Without a proper motion measurement, it is still difficult to remove foreground/background sources completely. A less accurate but common way to remove such sources uses the interstellar extinction. We have constructed a narrow-band ([1.71] and [2.25]) color magnitude diagram for our targets, known early-type stars and red giants, and other sources (Fig. 5). The [1.71]–[2.25] color corresponds to NIR HK, and is more sensitive to the amount of the interstellar extinction than [2.25]–[2.34] used in Fig. 2. We have confirmed that the color spread of stars observed in this work is almost the same as those of known early-type stars and red giants in the NSC, suggesting that our targets are located in the NSC as well.

thumbnail Fig. 4

HR diagram for the early-type star candidates (green circles) and red giants as a reference (red circles). Overplotted are theoretical isochrones for ages of (from left to right) 50 Myr, 100 Myr, 500 Myr, 1 Gyr, 5 Gyr, and 10 Gyr with solar metallicity using the Padova code (Girardi et al. 2000; Marigo et al. 2008).

thumbnail Fig. 5

[2.25] vs. [1.71]–[2.25] color magnitude diagram for sources measured in Nishiyama & Schödel (2013). The observed early-type star candidates in this work are overplotted by light green ×s. Dark green circles and red triangles represent spectroscopically identified early-type stars and late-type giants in the Galactic NSC, respectively.

4. Discussion

4.1. Narrow-band photometry

The main goal of our work is a systematic search for young, massive stars throughout the Galactic NSC. To find candidates of these young, massive stars in this region, we carried out NIR imaging observations using two narrow-band filters, 2.25 μm and 2.34 μm, with filter widths of 0.03 μm (Nishiyama & Schödel 2013). As shown in Fig. 3, the 2.34 μm filter is sensitive to the CO band head absorption at 2.29 μm, a typical feature seen in late-type stars; on the other hand, the 2.25 μm filter is just shortward of the CO absorption. When we measure magnitudes of stars in the two filters, [2.25] and [2.34], a redder color in [2.25]–[2.34] means less CO absorption at 2.34 μm, indicating earlier spectral type. Hence the [2.25]–[2.34] color index can be used as a proxy for EW(CO).

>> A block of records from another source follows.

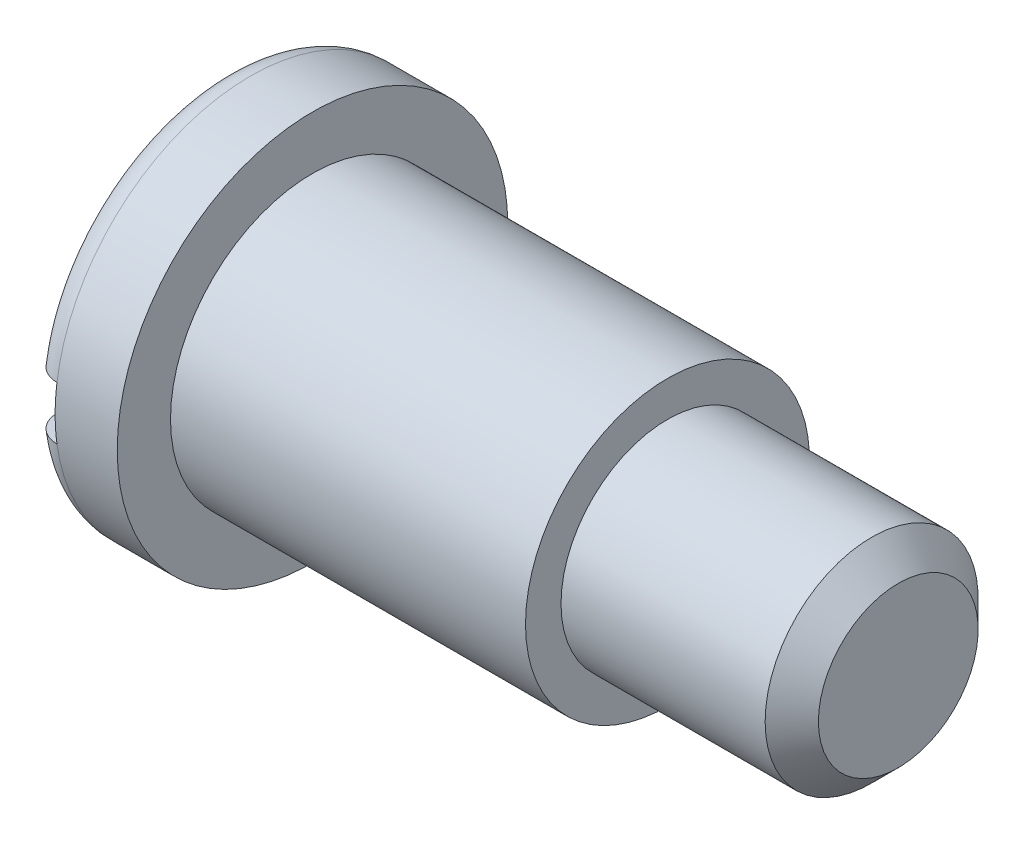
ISO-10303-21;
HEADER;
FILE_DESCRIPTION(('STEP AP214'),'2;1');
FILE_NAME('part.step','',(''),(''),'','','');
FILE_SCHEMA(('AUTOMOTIVE_DESIGN { 1 0 10303 214 1 1 1 1 }'));
ENDSEC;
DATA;
#1=APPLICATION_CONTEXT('core data for automotive mechanical design processes');
#2=APPLICATION_PROTOCOL_DEFINITION('international standard','automotive_design',2000,#1);
#3=PRODUCT_CONTEXT('',#1,'mechanical');
#4=PRODUCT('Part','Part','',(#3));
#5=PRODUCT_RELATED_PRODUCT_CATEGORY('part','',(#4));
#6=PRODUCT_DEFINITION_FORMATION('','',#4);
#7=PRODUCT_DEFINITION_CONTEXT('part definition',#1,'design');
#8=PRODUCT_DEFINITION('design','',#6,#7);
#9=PRODUCT_DEFINITION_SHAPE('','',#8);
#10=(LENGTH_UNIT() NAMED_UNIT(*) SI_UNIT(.MILLI.,.METRE.));
#11=(NAMED_UNIT(*) PLANE_ANGLE_UNIT() SI_UNIT($,.RADIAN.));
#12=(NAMED_UNIT(*) SI_UNIT($,.STERADIAN.) SOLID_ANGLE_UNIT());
#13=UNCERTAINTY_MEASURE_WITH_UNIT(LENGTH_MEASURE(1.E-05),#10,'distance_accuracy_value','');
#14=(GEOMETRIC_REPRESENTATION_CONTEXT(3) GLOBAL_UNCERTAINTY_ASSIGNED_CONTEXT((#13)) GLOBAL_UNIT_ASSIGNED_CONTEXT((#10,
#11,#12)) REPRESENTATION_CONTEXT('',''));
#15=CARTESIAN_POINT('',(0.,0.,0.));
#16=DIRECTION('',(0.,0.,1.));
#17=DIRECTION('',(1.,0.,0.));
#18=AXIS2_PLACEMENT_3D('',#15,#16,#17);
#19=CARTESIAN_POINT('',(1.5,0.,0.));
#20=DIRECTION('',(1.,0.,0.));
#21=DIRECTION('',(0.,0.,-1.));
#22=AXIS2_PLACEMENT_3D('',#19,#20,#21);
#23=TOROIDAL_SURFACE('',#22,9.5,1.5);
#24=CARTESIAN_POINT('',(0.550426437930369,-1.5,-10.5551169232429));
#25=CARTESIAN_POINT('',(0.48487725948307,-1.5,-10.5009686890655));
#26=CARTESIAN_POINT('',(0.423886464196567,-1.5,-10.4411986207992));
#27=CARTESIAN_POINT('',(0.312787402543928,-1.5,-10.3121903853188));
#28=CARTESIAN_POINT('',(0.262693625799049,-1.5,-10.2429398088348));
#29=CARTESIAN_POINT('',(0.174854492196715,-1.5,-10.0970888983895));
#30=CARTESIAN_POINT('',(0.137097718729304,-1.5,-10.0204954448946));
#31=CARTESIAN_POINT('',(0.0748785985011941,-1.5,-9.8621158407729));
#32=CARTESIAN_POINT('',(0.0504129746804633,-1.5,-9.78033097569738));
#33=CARTESIAN_POINT('',(0.0152393494835525,-1.5,-9.6131872625903));
#34=CARTESIAN_POINT('',(0.00464024878253395,-1.5,-9.52780549658987));
#35=CARTESIAN_POINT('',(-0.0021959106967803,-1.5,-9.35646443957624));
#36=CARTESIAN_POINT('',(0.00156837940479324,-1.5,-9.27050509507883));
#37=CARTESIAN_POINT('',(0.0234208569005784,-1.5,-9.09973701372606));
#38=CARTESIAN_POINT('',(0.0416214573786582,-1.5,-9.01494264167184));
#39=CARTESIAN_POINT('',(0.0919825133896002,-1.5,-8.84960307441881));
#40=CARTESIAN_POINT('',(0.124143281035294,-1.5,-8.76905797426778));
#41=CARTESIAN_POINT('',(0.201595824433492,-1.5,-8.61444261930739));
#42=CARTESIAN_POINT('',(0.246900932366783,-1.5,-8.5403790384181));
#43=CARTESIAN_POINT('',(0.349400940396528,-1.5,-8.40099071710601));
#44=CARTESIAN_POINT('',(0.406595431321901,-1.5,-8.33566567607497));
#45=CARTESIAN_POINT('',(0.53076775646425,-1.5,-8.21623537916519));
#46=CARTESIAN_POINT('',(0.597658945512793,-1.5,-8.16204008203144));
#47=CARTESIAN_POINT('',(0.739710636348902,-1.5,-8.06585891847392));
#48=CARTESIAN_POINT('',(0.8148704007637,-1.5,-8.02387196455239));
#49=CARTESIAN_POINT('',(0.970077953713494,-1.5,-7.95400043530446));
#50=CARTESIAN_POINT('',(1.05003169989471,-1.5,-7.92590696897734));
#51=CARTESIAN_POINT('',(1.21355713481626,-1.5,-7.88376198426108));
#52=CARTESIAN_POINT('',(1.29712847739103,-1.5,-7.86970912542016));
#53=CARTESIAN_POINT('',(1.46423829563021,-1.5,-7.8562018405924));
#54=CARTESIAN_POINT('',(1.54776022322507,-1.5,-7.85654196138834));
#55=CARTESIAN_POINT('',(1.71354816864702,-1.5,-7.87129941755879));
#56=CARTESIAN_POINT('',(1.79581423052833,-1.5,-7.88571625798153));
#57=CARTESIAN_POINT('',(1.95644818601575,-1.5,-7.9280849591151));
#58=CARTESIAN_POINT('',(2.03482953090802,-1.5,-7.95598590224991));
#59=CARTESIAN_POINT('',(2.18585754118622,-1.5,-8.02443384894235));
#60=CARTESIAN_POINT('',(2.25850398699107,-1.5,-8.06498133642408));
#61=CARTESIAN_POINT('',(2.39673957114359,-1.5,-8.15793189713279));
#62=CARTESIAN_POINT('',(2.4622577017332,-1.5,-8.21044051945016));
#63=CARTESIAN_POINT('',(2.58372287968011,-1.5,-8.32555439180791));
#64=CARTESIAN_POINT('',(2.63966915695239,-1.5,-8.3881604534319));
#65=CARTESIAN_POINT('',(2.74134395918012,-1.5,-8.52275858649178));
#66=CARTESIAN_POINT('',(2.78689592835251,-1.5,-8.59488403706388));
#67=CARTESIAN_POINT('',(2.86543150702477,-1.5,-8.74568076935321));
#68=CARTESIAN_POINT('',(2.8984141582276,-1.5,-8.82435254961211));
#69=CARTESIAN_POINT('',(2.9512966379996,-1.5,-8.98713863031047));
#70=CARTESIAN_POINT('',(2.9710165983959,-1.5,-9.07131140777466));
#71=CARTESIAN_POINT('',(2.99612190398796,-1.5,-9.24176993283335));
#72=CARTESIAN_POINT('',(3.00150670981292,-1.5,-9.32805575980964));
#73=CARTESIAN_POINT('',(2.99776099044725,-1.5,-9.5007292125419));
#74=CARTESIAN_POINT('',(2.98856080015987,-1.5,-9.5871153455109));
#75=CARTESIAN_POINT('',(2.9557289263999,-1.5,-9.75710248019678));
#76=CARTESIAN_POINT('',(2.93209742274529,-1.5,-9.840703516603));
#77=CARTESIAN_POINT('',(2.87114217882813,-1.5,-10.0023712139494));
#78=CARTESIAN_POINT('',(2.8338742806269,-1.5,-10.0804589181546));
#79=CARTESIAN_POINT('',(2.74663724426609,-1.5,-10.2291867881588));
#80=CARTESIAN_POINT('',(2.69666866628787,-1.5,-10.2998272822331));
#81=CARTESIAN_POINT('',(2.58594560838509,-1.5,-10.4309368948854));
#82=CARTESIAN_POINT('',(2.52529723490152,-1.5,-10.4914956116091));
#83=CARTESIAN_POINT('',(2.39460054573582,-1.5,-10.6014408198729));
#84=CARTESIAN_POINT('',(2.32455275062574,-1.5,-10.6508279297282));
#85=CARTESIAN_POINT('',(2.17782937305798,-1.5,-10.7364915110606));
#86=CARTESIAN_POINT('',(2.10123008548122,-1.5,-10.7728986767868));
#87=CARTESIAN_POINT('',(1.9429767524133,-1.5,-10.8322185633799));
#88=CARTESIAN_POINT('',(1.86132315259793,-1.5,-10.8551324721783));
#89=CARTESIAN_POINT('',(1.69597361892887,-1.5,-10.8866510283981));
#90=CARTESIAN_POINT('',(1.61229904346528,-1.5,-10.8953678238951));
#91=CARTESIAN_POINT('',(1.44465495676886,-1.5,-10.8985811203969));
#92=CARTESIAN_POINT('',(1.36068538257447,-1.5,-10.8930743750682));
#93=CARTESIAN_POINT('',(1.19510549025376,-1.5,-10.8680388343585));
#94=CARTESIAN_POINT('',(1.11348942080224,-1.5,-10.8485478905327));
#95=CARTESIAN_POINT('',(0.954751559038114,-1.5,-10.7961737533708));
#96=CARTESIAN_POINT('',(0.877624388721411,-1.5,-10.7633069791084));
#97=CARTESIAN_POINT('',(0.758855343780513,-1.5,-10.7004779110153));
#98=CARTESIAN_POINT('',(0.715117111079122,-1.5,-10.6743928280483));
#99=CARTESIAN_POINT('',(0.630517190131584,-1.5,-10.6179153053822));
#100=CARTESIAN_POINT('',(0.589655491132161,-1.5,-10.5875228817865));
#101=CARTESIAN_POINT('',(0.550426437930369,-1.5,-10.5551169232429));
#102=B_SPLINE_CURVE_WITH_KNOTS('',3,(#24,#25,#26,#27,#28,#29,#30,#31,#32,#33,#34,#35,#36,#37,
#38,#39,#40,#41,#42,#43,#44,#45,#46,#47,#48,#49,#50,#51,#52,#53,#54,#55,#56,#57,#58,#59,#60,#61,
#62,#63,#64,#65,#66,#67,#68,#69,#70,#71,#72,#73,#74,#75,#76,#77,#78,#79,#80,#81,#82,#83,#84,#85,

Unfortunately, we found strong, systematic [2.25]–[2.34] color trends along the x- and y-axes in the ISAAC FoV (Fig. 4 in Nishiyama & Schödel 2013), making absolute calibrations of [2.25] and [2.34] impossible. To use the [2.25]–[2.34] color to search for early-type stars, we carried out a color correction in the assumption that the average of the intrinsic stellar colors is the same throughout the observed FoV. This assumption is appropriate for our observed field because of the similar intrinsic colors of almost all stellar types around the K band, the dominance of late-type giants in this region, and the restricted wavelength range of our observations. Hence what we use to identify the early-type star candidates is a relative [2.25]–[2.34] color to the dominant late-type giants (RGB stars), and the color is calibrated to have [2.25]–[2.34] = 0 for the RGB stars. Then we defined stars more than 2σ redder than the RGB as early-type star candidates.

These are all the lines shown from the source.